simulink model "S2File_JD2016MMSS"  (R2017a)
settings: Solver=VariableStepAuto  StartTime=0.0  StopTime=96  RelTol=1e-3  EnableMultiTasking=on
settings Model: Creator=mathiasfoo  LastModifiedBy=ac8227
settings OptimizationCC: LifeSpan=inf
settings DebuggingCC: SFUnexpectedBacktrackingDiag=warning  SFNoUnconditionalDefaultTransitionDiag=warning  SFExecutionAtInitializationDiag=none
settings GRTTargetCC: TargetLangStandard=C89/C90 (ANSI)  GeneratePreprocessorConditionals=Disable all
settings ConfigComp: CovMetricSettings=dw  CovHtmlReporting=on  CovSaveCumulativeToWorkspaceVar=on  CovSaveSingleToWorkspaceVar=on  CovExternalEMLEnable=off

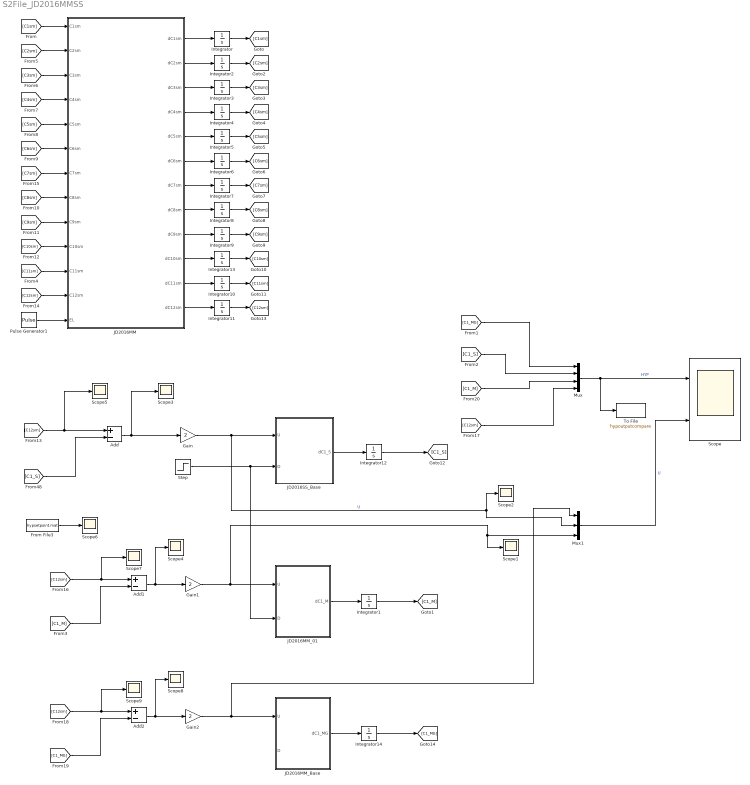
== system S2File_JD2016MMSS ==
  Add : Sum  Inputs=+-
  Add1 : Sum  Inputs=+-
  Add2 : Sum  Inputs=+-
  From File3 : FromFile  FileName=hypsetpoint.mat  SampleTime=0
  Gain : Gain  Gain=2
  Gain1 : Gain  Gain=2
  Gain2 : Gain  Gain=2
  Integrator{,1,12,14} (4 alike) : Integrator  InitialCondition=1.3627
  Integrator10 : Integrator  InitialCondition=0.0938
  Integrator11 : Integrator  InitialCondition=6.2713
  Integrator13 : Integrator  InitialCondition=0.5547
  Integrator2 : Integrator  InitialCondition=2.2647
  Integrator3 : Integrator  InitialCondition=0.9724
  Integrator4 : Integrator  InitialCondition=0.9495
  Integrator5 : Integrator  InitialCondition=0.1906
  Integrator6 : Integrator  InitialCondition=0.4318
  Integrator7 : Integrator  InitialCondition=0.0332
  Integrator8 : Integrator  InitialCondition=0.0189
  Integrator9 : Integrator  InitialCondition=0.3578
  JD2016MM : MATLAB Function  TreatAsAtomicUnit=on
  JD2016MM_01 : MATLAB Function  TreatAsAtomicUnit=on
  JD2016MM_Base : MATLAB Function  TreatAsAtomicUnit=on
  JD2016SS_Base : MATLAB Function  TreatAsAtomicUnit=on
  Mux : Mux
  Mux1 : Mux  Inputs=3
  Pulse Generator1 : DiscretePulseGenerator  PulseType=Time based  Period=24  PulseWidth=50
  Scope : Scope  NumInputPorts=2
  Scope{1..9} (9 alike) : Scope
  Step : Step  Time=50  After=-0.01  SampleTime=0
  To File : ToFile  Filename=hypoutputcompare  MatrixName=yhyp
  wires:
  Integrator12/1 -> [C1_S]
  Step/1 -> JD2016MM_01/2(D), JD2016SS_Base/2(D)
  Add/1 -> Gain/1, Scope3/1
  JD2016SS_Base/1(dC1_S) -> Integrator12/1
  Mux/1 -> Scope/1, To File/1  "HYP"
  JD2016MM_01/1(dC1_M) -> Integrator1/1
  Integrator1/1 -> [C1_M]
  [C12sm] -> Scope7/1, Add1/1
  Add1/1 -> Gain1/1, Scope4/1
  Gain1/1 -> Scope1/1, Mux1/3, JD2016MM_01/1(U)
  Gain/1 -> JD2016SS_Base/1(U), Mux1/2, Scope2/1  "U"
  Mux1/1 -> Scope/2  "U"
  [C1_MG] -> Mux/1
  [C1_S] -> Mux/2
  From File3/1 -> Scope6/1
  [C12sm] -> Scope5/1, Add/1
  [C3sm] -> JD2016MM/3(C3sm)
  [C4sm] -> JD2016MM/4(C4sm)
  Pulse Generator1/1 -> JD2016MM/13(EL)
  Integrator4/1 -> [C4sm]
  Integrator2/1 -> [C2sm]
  JD2016MM/2(dC2sm) -> Integrator2/1
  [C2sm] -> JD2016MM/2(C2sm)
  Integrator5/1 -> [C5sm]
  [C6sm] -> JD2016MM/6(C6sm)
  Integrator13/1 -> [C10sm]
  [C11sm] -> JD2016MM/11(C11sm)
  JD2016MM/10(dC10sm) -> Integrator13/1
  JD2016MM/3(dC3sm) -> Integrator3/1
  [C5sm] -> JD2016MM/5(C5sm)
  Integrator7/1 -> [C7sm]
  Integrator9/1 -> [C9sm]
  Integrator6/1 -> [C6sm]
  [C1sm] -> JD2016MM/1(C1sm)
  JD2016MM/12(dC12sm) -> Integrator11/1
  Integrator10/1 -> [C11sm]
  Integrator/1 -> [C1sm]
  Integrator3/1 -> [C3sm]
  JD2016MM/1(dC1sm) -> Integrator/1
  JD2016MM/6(dC6sm) -> Integrator6/1
  JD2016MM/9(dC9sm) -> Integrator9/1
  JD2016MM/11(dC11sm) -> Integrator10/1
  [C9sm] -> JD2016MM/9(C9sm)
  [C12sm] -> JD2016MM/12(C12sm)
  [C7sm] -> JD2016MM/7(C7sm)
  [C8sm] -> JD2016MM/8(C8sm)
  JD2016MM/4(dC4sm) -> Integrator4/1
  JD2016MM/8(dC8sm) -> Integrator8/1
  Integrator11/1 -> [C12sm]
  [C10sm] -> JD2016MM/10(C10sm)
  JD2016MM/7(dC7sm) -> Integrator7/1
  Integrator8/1 -> [C8sm]
  JD2016MM/5(dC5sm) -> Integrator5/1
  [C1_S] -> Add/2
  [C1_M] -> Add1/2
  Integrator14/1 -> [C1_MG]
  JD2016MM_Base/1(dC1_MG) -> Integrator14/1
  [C1_MG] -> Add2/2
  [C12sm] -> Scope9/1, Add2/1
  Add2/1 -> Gain2/1, Scope8/1
  Gain2/1 -> Mux1/1, JD2016MM_Base/1(U)
  [C1_M] -> Mux/3
  [C12sm] -> Mux/4

== matlab function S2File_JD2016MMSS/JD2016SS_Base ==
  data: dC1_S output; U input; D input
function dC1_S = fcn(U,D)

%% For HYP phenotype
% % Base Value (MSE = 0.0313)
% prmLHY = [0.72294,-1.2502,-0.042071,0.75237,-0.97172];
% prpLHY = [0.80635,0.74888,0.74688];
% prmP97 = [0.026394,0.12407,-2.3687,-0.10561,0.35392,1.5597];
% prpP97 = [1.0733,0.29692,-0.050611];
% prmP51 = [0.38365,-0.71673,0.17357,1.013];
% prpP51 = [0.55202,0.41674,-0.27927];
% prmEL = [0.010977,-1.8819,-1.3932,-0.017199,0.48139];
% prpEL = [1.0696,1.3282,0.91055];
% prpP = [0.34819,0.36754,-0.64076];
% prmPIF = [0.036342,-0.28081,0.19706];
% prpPIF = [0.30969,0.18321,-2.0456];
% prpHYP = [0.17399,1.1843];

% % Range ~50/100
% prmLHY = [0.72294,-1.2502,-0.042071,0.75237,-0.97172];
% prpLHY = [0.80635,0.74888,0.74688];
% prmP97 = [0.026394,0.12407,-2.3687,-0.10561,0.35392,1.5597];
% prpP97 = [1.0733,0.29692,-0.050611];
% prmP51 = [0.38365,-0.71673,0.17357,1.013];
% prpP51 = [0.55202,0.41674,-0.27927];
% prmEL = [0.010977,-1.8819,-1.3932,-0.017199,0.48139];
% prpEL = [1.0696,1.3282,0.91055];
% prpP = [0.34819,0.36754,-0.64076];
% prmPIF = [0.036342,-0.28081,0.19706];
% prpPIF = [0.30969,0.18321,-2.0456];
% prpHYP = [0.15802,1.1583];              % Converges to ~1
% % prpHYP = [3200223873895.316,50]; % (Fix at 50 in ODE, poor fit)

% % Range ~5/10
% prmLHY = [0.72294,-1.2502,-0.042071,0.75237,-0.97172];
% prpLHY = [0.80635,0.74888,0.74688];
% prmP97 = [0.026394,0.12407,-2.3687,-0.10561,0.35392,1.5597];
% prpP97 = [1.0733,0.29692,-0.050611];
% prmP51 = [0.38365,-0.71673,0.17357,1.013];
% prpP51 = [0.55202,0.41674,-0.27927];
% prmEL = [0.010977,-1.8819,-1.3932,-0.017199,0.48139];
% prpEL = [1.0696,1.3282,0.91055];
% prpP = [0.34819,0.36754,-0.64076];
% prmPIF = [0.036342,-0.28081,0.19706];
% prpPIF = [0.30969,0.18321,-2.0456];
% prpHYP = [0.13709,1.0517];       % Converges to ~1
% % prpHYP = [4.7245,5]; % (Fix at 5 in ODE, poor fit)
% 
% 
% % Range ~0.5/0.1
% prmLHY = [0.72294,-1.2502,-0.042071,0.75237,-0.97172];
% prpLHY = [0.80635,0.74888,0.74688];
% prmP97 = [0.026394,0.12407,-2.3687,-0.10561,0.35392,1.5597];
% prpP97 = [1.0733,0.29692,-0.050611];
% prmP51 = [0.38365,-0.71673,0.17357,1.013];
% prpP51 = [0.55202,0.41674,-0.27927];
% prmEL = [0.010977,-1.8819,-1.3932,-0.017199,0.48139];
% prpEL = [1.0696,1.3282,0.91055];
% prpP = [0.34819,0.36754,-0.64076];
% prmPIF = [0.036342,-0.28081,0.19706];
% prpPIF = [0.30969,0.18321,-2.0456];
% prpHYP = [0.11376,0.91571];      % Converges to ~1
% % prpHYP = [0.059094,0.5]; % (Fix at 0.5 in ODE, decent fit)
% 
% % Range ~0.05/0.01
% prmLHY = [0.72294,-1.2502,-0.042071,0.75237,-0.97172];
% prpLHY = [0.80635,0.74888,0.74688];
% prmP97 = [0.026394,0.12407,-2.3687,-0.10561,0.35392,1.5597];
% prpP97 = [1.0733,0.29692,-0.050611];
% prmP51 = [0.38365,-0.71673,0.17357,1.013];
% prpP51 = [0.55202,0.41674,-0.27927];
% prmEL = [0.010977,-1.8819,-1.3932,-0.017199,0.48139];
% prpEL = [1.0696,1.3282,0.91055];
% prpP = [0.34819,0.36754,-0.64076];
% prmPIF = [0.036342,-0.28081,0.19706];
% prpPIF = [0.30969,0.18321,-2.0456];
% prpHYP = [0.11378,0.91588];         % Converges to ~1
% % prpHYP = [0.025615,0.05]; % (Fix at 0.05 in ODE, straight line fit)
% 
% Range ~0.005/0.001
prmLHY = [0.72294,-1.2502,-0.042071,0.75237,-0.97172];
prpLHY = [0.80635,0.74888,0.74688];
prmP97 = [0.026394,0.12407,-2.3687,-0.10561,0.35392,1.5597];
prpP97 = [1.0733,0.29692,-0.050611];
prmP51 = [0.38365,-0.71673,0.17357,1.013];
prpP51 = [0.55202,0.41674,-0.27927];
prmEL = [0.010977,-1.8819,-1.3932,-0.017199,0.48139];
prpEL = [1.0696,1.3282,0.91055];
prpP = [0.34819,0.36754,-0.64076];
prmPIF = [0.036342,-0.28081,0.19706];
prpPIF = [0.30969,0.18321,-2.0456];
prpHYP = [0.11375,0.91564];        % Converges to ~1
% % prpHYP = [0.023389,0.005]; % (Fix at 0.005 in ODE, straight line fit)

theta = [prmLHY prpLHY prmP97 prpP97 prmP51 prpP51 prmEL prpEL prpP prmPIF prpPIF prpHYP];

% % LHY mRNA
% dC1_S = real(theta(1)*C4_S^(theta(2))*C6_S^(theta(3)) - theta(4)*C1_S + theta(5)*C9_S*EL);
% 
% % LHY protein
% dC2_S = real(theta(6)*C1_S - theta(7)*C2_S + theta(8)*EL*C1_S);
% 
% % P97 mRNA
% dC3_S = real(theta(9)*C2_S^(theta(10))*C6_S^(theta(11))*C8_S^(theta(12)) - theta(13)*C3_S + theta(14)*C9_S*EL);
% 
% % P97 protein
% dC4_S = real(theta(15)*C3_S - theta(16)*C4_S + theta(17)*EL*C4_S);
% 
% % P51 mRNA
% dC5_S = real(theta(18)*C2_S^(theta(19))*C6_S^(theta(20)) - theta(21)*C5_S);
%  
% % P51 protein
% dC6_S = real(theta(22)*C5_S - theta(23)*C6_S + theta(24)*EL*C6_S);
% 
% % EL mRNA
% dC7_S = real(theta(25)*C2_S^(theta(26))*C6_S^(theta(27))*C8_S^(theta(28))*EL - theta(29)*C7_S);
% 
% % EL protein
% dC8_S = real(theta(30)*C7_S - theta(31)*C8_S + theta(32)*EL*C8_S);
% 
% % Protein P
% dC9_S = real(theta(33)*(1-EL) - theta(34)*C9_S*(1-EL) + theta(35)*EL*C9_S);
% 
% % PIF mRNA
% dC10_S = real(theta(36)*C8_S^(theta(37)) - theta(38)*C10_S);
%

- [Exercise prompt] Tally the lines in the listing that hold "theta" and report the number alone.

- [Task answer] 11